§ INSTRUCTIONS TO FOLLOW
From the line with "mask Display: image('phare4.jpg');" through the line with "Ship_Dynamics : Subsystem", inclusive, return each line of the data below exactly and leave the rest out.
• • • • • • •
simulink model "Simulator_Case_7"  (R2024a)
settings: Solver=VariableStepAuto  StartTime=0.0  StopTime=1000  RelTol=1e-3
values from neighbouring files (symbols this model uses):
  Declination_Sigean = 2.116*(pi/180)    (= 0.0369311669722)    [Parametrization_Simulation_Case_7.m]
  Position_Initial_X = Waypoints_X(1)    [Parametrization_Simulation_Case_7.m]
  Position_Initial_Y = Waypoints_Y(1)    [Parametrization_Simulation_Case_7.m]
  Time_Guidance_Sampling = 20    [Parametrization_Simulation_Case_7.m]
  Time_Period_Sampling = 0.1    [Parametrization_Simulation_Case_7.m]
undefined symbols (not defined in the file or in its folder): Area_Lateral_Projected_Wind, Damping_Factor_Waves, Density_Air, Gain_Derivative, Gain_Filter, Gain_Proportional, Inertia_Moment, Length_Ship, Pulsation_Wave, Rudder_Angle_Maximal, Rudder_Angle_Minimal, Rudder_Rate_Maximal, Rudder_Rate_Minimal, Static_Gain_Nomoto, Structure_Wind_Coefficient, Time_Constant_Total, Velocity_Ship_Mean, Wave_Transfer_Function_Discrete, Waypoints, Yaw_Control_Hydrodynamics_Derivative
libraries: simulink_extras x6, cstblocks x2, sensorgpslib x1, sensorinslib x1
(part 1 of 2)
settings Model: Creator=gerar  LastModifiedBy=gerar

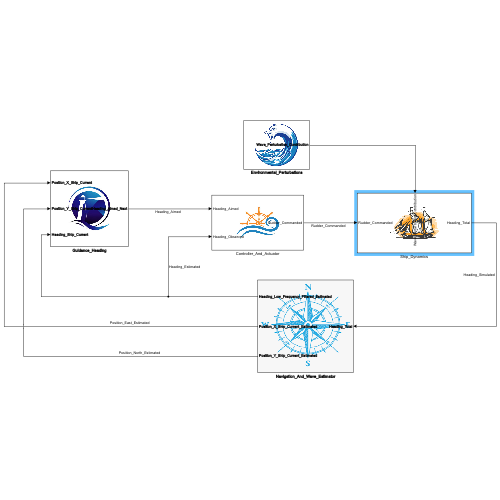
[thumbnail: Simulink's stored preview of the top-level diagram]
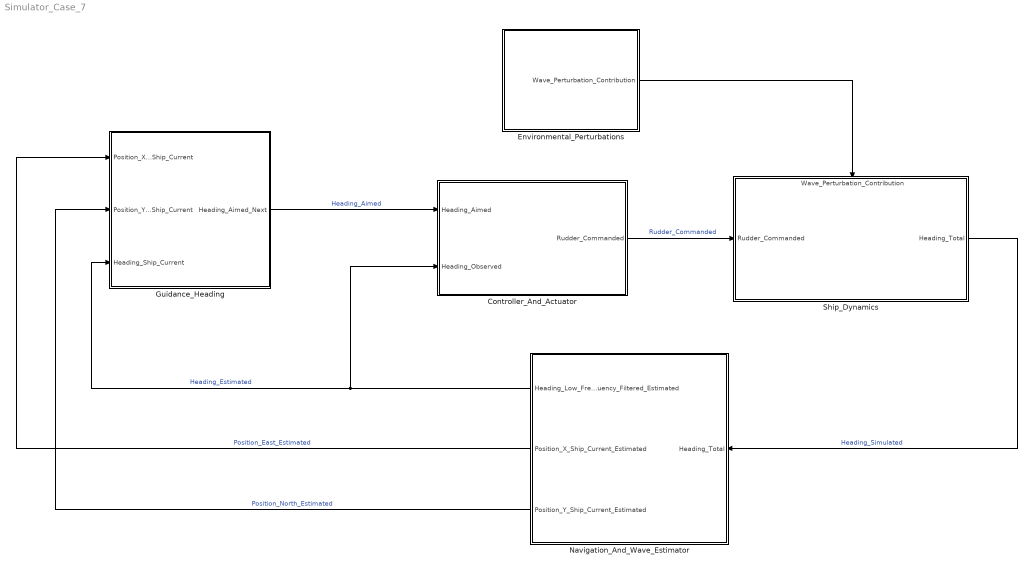
== system Simulator_Case_7 ==
  Controller_And_Actuator : Subsystem
      mask Display: image('Rudder3.jpg');
  Environmental_Perturbations : Subsystem
      mask Display: image('Wave2.png');
  Guidance_Heading : Subsystem
      mask Display: image('phare4.jpg');
  Navigation_And_Wave_Estimator : Subsystem
      mask Display: image('compass4.png');
  Ship_Dynamics : Subsystem
      settings: PortSchema="{\"entries\":[{\"content\":{\"sides\":[{\"content\":{\"connectorIds\":[\"In1\"]},\"type\":\"ConnectorPlacement.EquallySpacedRectSide\",\"uuid\":\"1262d93f-9737-49c5-b1c8-13d3f825160d\"},{\"content\":{\"connectorIds\":[\"Out1\"],\"side\":\"RIGHT\"},\"type\":\"ConnectorPlacement.EquallySpacedRectSide\",\"uuid\":\"2783823e-17f0-4da0-9b4a-e84aa912eb5f\"},{\"content\":{\"connectorIds\":[\"In2\"],\"side\":\"TOP\"},\"type\":\"ConnectorPlacement.EquallySpacedRectSide\",\"uuid\":\"9227960a-c500-4bd1-9392-f2e1de824969\"}]},\"type\":\"ConnectorPlacement.EquallySpacedConnector\",\"uuid\":\"fe1a7a14-057d-49da-982c-994c0d128614\"}],\"packageUris\":[\"http://schema.mathworks.com/mf0/Connector/R2020b\"],\"version\":\"1.0\"}"
      mask Display: image('ship2.png');
  wires:
  Guidance_Heading/1(Heading_Aimed_Next) -> Controller_And_Actuator/1(Heading_Aimed)  "Heading_Aimed"
  Navigation_And_Wave_Estimator/1(Heading_Low_Frequency_Filtered_Estimated) -> Controller_And_Actuator/2(Heading_Observed), Guidance_Heading/3(Heading_Ship_Current)  "Heading_Estimated"
  Environmental_Perturbations/1(Wave_Perturbation_Contribution) -> Ship_Dynamics/2(Wave_Perturbation_Contribution)
  Ship_Dynamics/1(Heading_Total) -> Navigation_And_Wave_Estimator/1(Heading_Total)  "Heading_Simulated"
  Navigation_And_Wave_Estimator/3(Position_Y_Ship_Current_Estimated) -> Guidance_Heading/2(Position_Y_Ship_Current)  "Position_North_Estimated"
  Navigation_And_Wave_Estimator/2(Position_X_Ship_Current_Estimated) -> Guidance_Heading/1(Position_X_Ship_Current)  "Position_East_Estimated"
  Controller_And_Actuator/1(Rudder_Commanded) -> Ship_Dynamics/1(Rudder_Commanded)  "Rudder_Commanded"

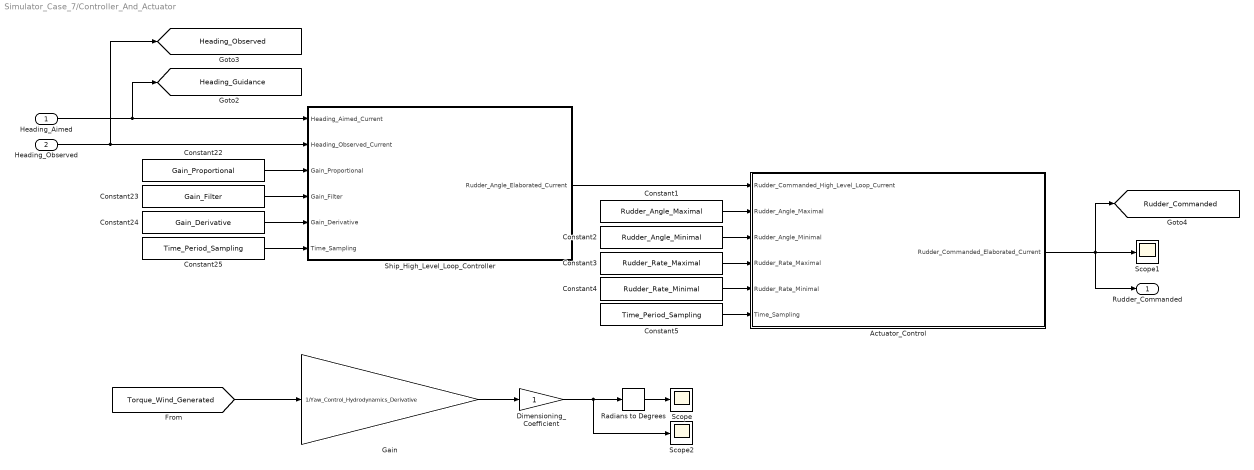
== system Simulator_Case_7/Controller_And_Actuator ==
  Heading_Aimed : Inport
  Heading_Observed : Inport  Port=2
  Actuator_Control : MATLAB Function  TreatAsAtomicUnit=on  SystemSampleTime=Time_Period_Sampling
  Constant1 : Constant  Value=Rudder_Angle_Maximal
  Constant2 : Constant  Value=Rudder_Angle_Minimal
  Constant22 : Constant  Value=Gain_Proportional
  Constant23 : Constant  Value=Gain_Filter
  Constant24 : Constant  Value=Gain_Derivative
  Constant25 : Constant  Value=Time_Period_Sampling
  Constant3 : Constant  Value=Rudder_Rate_Maximal
  Constant4 : Constant  Value=Rudder_Rate_Minimal
  Constant5 : Constant  Value=Time_Period_Sampling
  Dimensioning_Coefficient : Gain
  Gain : Gain  Gain=1/Yaw_Control_Hydrodynamics_Derivative
  Radians to Degrees : simulink_extras/Transformations/Radians to Degrees
  Scope : Scope
  Scope1 : Scope
  Scope2 : Scope
  Ship_High_Level_Loop_Controller : MATLAB Function  TreatAsAtomicUnit=on  SystemSampleTime=Time_Period_Sampling
  Rudder_Commanded : Outport
  tag scope: Heading_Guidance=global, Heading_Observed=global, Rudder_Commanded=global
  wires:
  [Torque_Wind_Generated] -> Gain/1
  Gain/1 -> Dimensioning_Coefficient/1
  Radians to Degrees/1 -> Scope/1
  Dimensioning_Coefficient/1 -> Scope2/1, Radians to Degrees/1
  Heading_Aimed/1 -> Ship_High_Level_Loop_Controller/1(Heading_Aimed_Current), [Heading_Guidance]
  Heading_Observed/1 -> Ship_High_Level_Loop_Controller/2(Heading_Observed_Current), [Heading_Observed]
  Constant22/1 -> Ship_High_Level_Loop_Controller/3(Gain_Proportional)
  Constant23/1 -> Ship_High_Level_Loop_Controller/4(Gain_Filter)
  Constant24/1 -> Ship_High_Level_Loop_Controller/5(Gain_Derivative)
  Constant25/1 -> Ship_High_Level_Loop_Controller/6(Time_Sampling)
  Ship_High_Level_Loop_Controller/1(Rudder_Angle_Elaborated_Current) -> Actuator_Control/1(Rudder_Commanded_High_Level_Loop_Current)
  Constant1/1 -> Actuator_Control/2(Rudder_Angle_Maximal)
  Constant2/1 -> Actuator_Control/3(Rudder_Angle_Minimal)
  Constant3/1 -> Actuator_Control/4(Rudder_Rate_Maximal)
  Constant4/1 -> Actuator_Control/5(Rudder_Rate_Minimal)
  Constant5/1 -> Actuator_Control/6(Time_Sampling)
  Actuator_Control/1(Rudder_Commanded_Elaborated_Current) -> Rudder_Commanded/1, [Rudder_Commanded], Scope1/1

== system Simulator_Case_7/Environmental_Perturbations ==
  Gain : Gain
  Gain1 : Gain
  Wave-Induced_Perturbation_Motion : Subsystem
  Wind_Perturbation_Torque : Subsystem
  Wave_Perturbation_Contribution : Outport
  tag scope: Torque_Wind_Generated=global
  wires:
  Wave-Induced_Perturbation_Motion/1(Wave_Induced_Heading) -> Gain/1
  Gain/1 -> Wave_Perturbation_Contribution/1
  Wind_Perturbation_Torque/1(Torque_Wind) -> Gain1/1
  Gain1/1 -> [Torque_Wind_Generated]

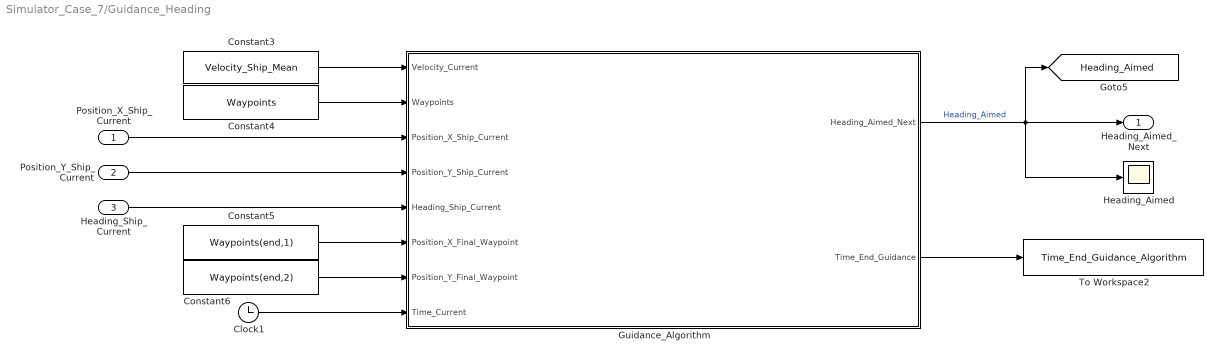
== system Simulator_Case_7/Guidance_Heading ==
  Position_X_Ship_Current : Inport
  Position_Y_Ship_Current : Inport  Port=2
  Heading_Ship_Current : Inport  Port=3
  Clock1 : Clock
  Constant3 : Constant  Value=Velocity_Ship_Mean
  Constant4 : Constant  Value=Waypoints
  Constant5 : Constant  Value=Waypoints(end,1)
  Constant6 : Constant  Value=Waypoints(end,2)
  Guidance_Algorithm : MATLAB Function  TreatAsAtomicUnit=on  SystemSampleTime=Time_Guidance_Sampling*3
  Heading_Aimed : Scope
  To Workspace2 : ToWorkspace  VariableName=Time_End_Guidance_Algorithm  SaveFormat=Timeseries  SampleTime=-1
  Heading_Aimed_Next : Outport
  tag scope: Heading_Aimed=global
  wires:
  Constant5/1 -> Guidance_Algorithm/6(Position_X_Final_Waypoint)
  Guidance_Algorithm/2(Time_End_Guidance) -> To Workspace2/1
  Constant3/1 -> Guidance_Algorithm/1(Velocity_Current)
  Position_Y_Ship_Current/1 -> Guidance_Algorithm/4(Position_Y_Ship_Current)
  Constant4/1 -> Guidance_Algorithm/2(Waypoints)
  Clock1/1 -> Guidance_Algorithm/8(Time_Current)
  Constant6/1 -> Guidance_Algorithm/7(Position_Y_Final_Waypoint)
  Position_X_Ship_Current/1 -> Guidance_Algorithm/3(Position_X_Ship_Current)
  Heading_Ship_Current/1 -> Guidance_Algorithm/5(Heading_Ship_Current)
  Guidance_Algorithm/1(Heading_Aimed_Next) -> Heading_Aimed/1, Heading_Aimed_Next/1, [Heading_Aimed]  "Heading_Aimed"

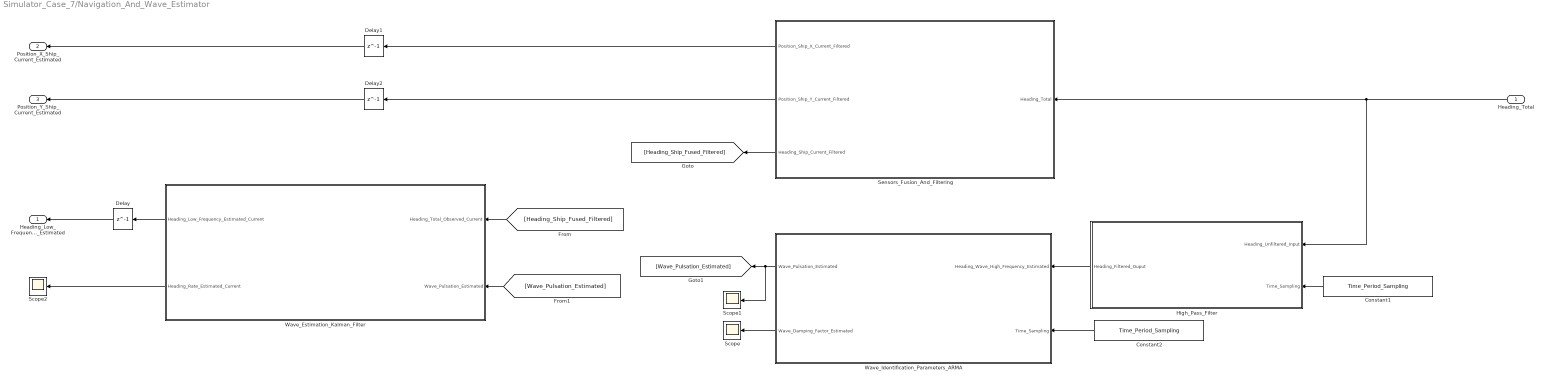
== system Simulator_Case_7/Navigation_And_Wave_Estimator ==
  Heading_Total : Inport
  Constant1 : Constant  Value=Time_Period_Sampling
  Constant2 : Constant  Value=Time_Period_Sampling
  Delay : Delay  DelayLength=1  InputProcessing=Columns as channels (frame based)  SampleTime=Time_Period_Sampling
  Delay1 : Delay  DelayLength=1  InputProcessing=Columns as channels (frame based)  SampleTime=Time_Period_Sampling
  Delay2 : Delay  DelayLength=1  InputProcessing=Columns as channels (frame based)  SampleTime=Time_Period_Sampling
  High_Pass_Filter : MATLAB Function  TreatAsAtomicUnit=on  SystemSampleTime=Time_Period_Sampling
  Scope : Scope
  Scope1 : Scope
  Scope2 : Scope
  Sensors_Fusion_And_Filtering : Subsystem
  Wave_Estimation_Kalman_Filter : Subsystem
  Wave_Identification_Parameters_ARMA : MATLAB Function  TreatAsAtomicUnit=on  SystemSampleTime=Time_Period_Sampling
  Heading_Low_Frequency_Filtered_Estimated : Outport
  Position_X_Ship_Current_Estimated : Outport  Port=2
  Position_Y_Ship_Current_Estimated : Outport  Port=3
  wires:
  Delay1/1 -> Position_X_Ship_Current_Estimated/1
  Delay2/1 -> Position_Y_Ship_Current_Estimated/1
  Sensors_Fusion_And_Filtering/1(Position_Ship_X_Current_Filtered) -> Delay1/1
  Sensors_Fusion_And_Filtering/2(Position_Ship_Y_Current_Filtered) -> Delay2/1
  Wave_Estimation_Kalman_Filter/1(Heading_Low_Frequency_Estimated_Current) -> Delay/1
  High_Pass_Filter/1(Heading_Filtered_Ouput) -> Wave_Identification_Parameters_ARMA/1(Heading_Wave_High_Frequency_Estimated)
  Constant1/1 -> High_Pass_Filter/2(Time_Sampling)
  Heading_Total/1 -> High_Pass_Filter/1(Heading_Unfiltered_Input), Sensors_Fusion_And_Filtering/1(Heading_Total)
  Delay/1 -> Heading_Low_Frequency_Filtered_Estimated/1
  Wave_Estimation_Kalman_Filter/2(Heading_Rate_Estimated_Current) -> Scope2/1
  Constant2/1 -> Wave_Identification_Parameters_ARMA/2(Time_Sampling)
  Sensors_Fusion_And_Filtering/3(Heading_Ship_Current_Filtered) -> [Heading_Ship_Fused_Filtered]
  [Heading_Ship_Fused_Filtered] -> Wave_Estimation_Kalman_Filter/1(Heading_Total_Observed_Current)
  Wave_Identification_Parameters_ARMA/1(Wave_Pulsation_Estimated) -> Scope1/1, [Wave_Pulsation_Estimated]
  [Wave_Pulsation_Estimated] -> Wave_Estimation_Kalman_Filter/2(Wave_Pulsation_Estimated)
  Wave_Identification_Parameters_ARMA/2(Wave_Damping_Factor_Estimated) -> Scope/1

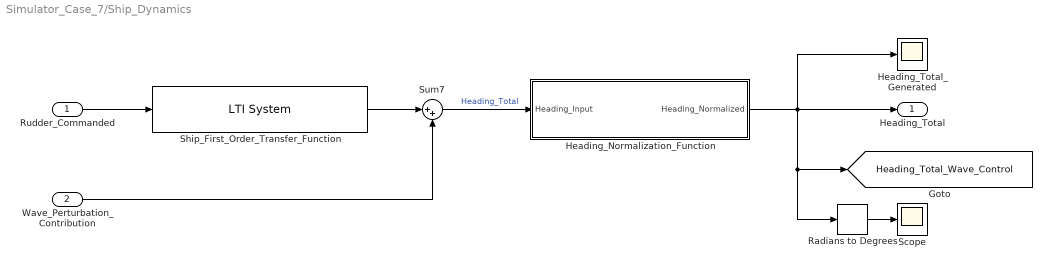
== system Simulator_Case_7/Ship_Dynamics ==
  Rudder_Commanded : Inport
  Wave_Perturbation_Contribution : Inport  Port=2
  Heading_Normalization_Function : MATLAB Function  TreatAsAtomicUnit=on
  Heading_Total_Generated : Scope
  Radians to Degrees : simulink_extras/Transformations/Radians to Degrees
  Scope : Scope
  Ship_First_Order_Transfer_Function : cstblocks/LTI System  sys=Heading_On_Rudder_Transfer_First_Order  IC=[]  PadeOrder=0
  Sum7 : Sum  Inputs=|++
  Heading_Total : Outport
  tag scope: Heading_Total_Wave_Control=global
  wires:
  Wave_Perturbation_Contribution/1 -> Sum7/2
  Rudder_Commanded/1 -> Ship_First_Order_Transfer_Function/1
  Sum7/1 -> Heading_Normalization_Function/1(Heading_Input)  "Heading_Total"
  Radians to Degrees/1 -> Scope/1
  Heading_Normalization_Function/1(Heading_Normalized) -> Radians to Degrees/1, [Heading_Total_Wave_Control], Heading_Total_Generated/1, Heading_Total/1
• • • • • • •
§ SOLUTION BELOW
      mask Display: image('phare4.jpg');
  Navigation_And_Wave_Estimator : Subsystem
      mask Display: image('compass4.png');
  Ship_Dynamics : Subsystem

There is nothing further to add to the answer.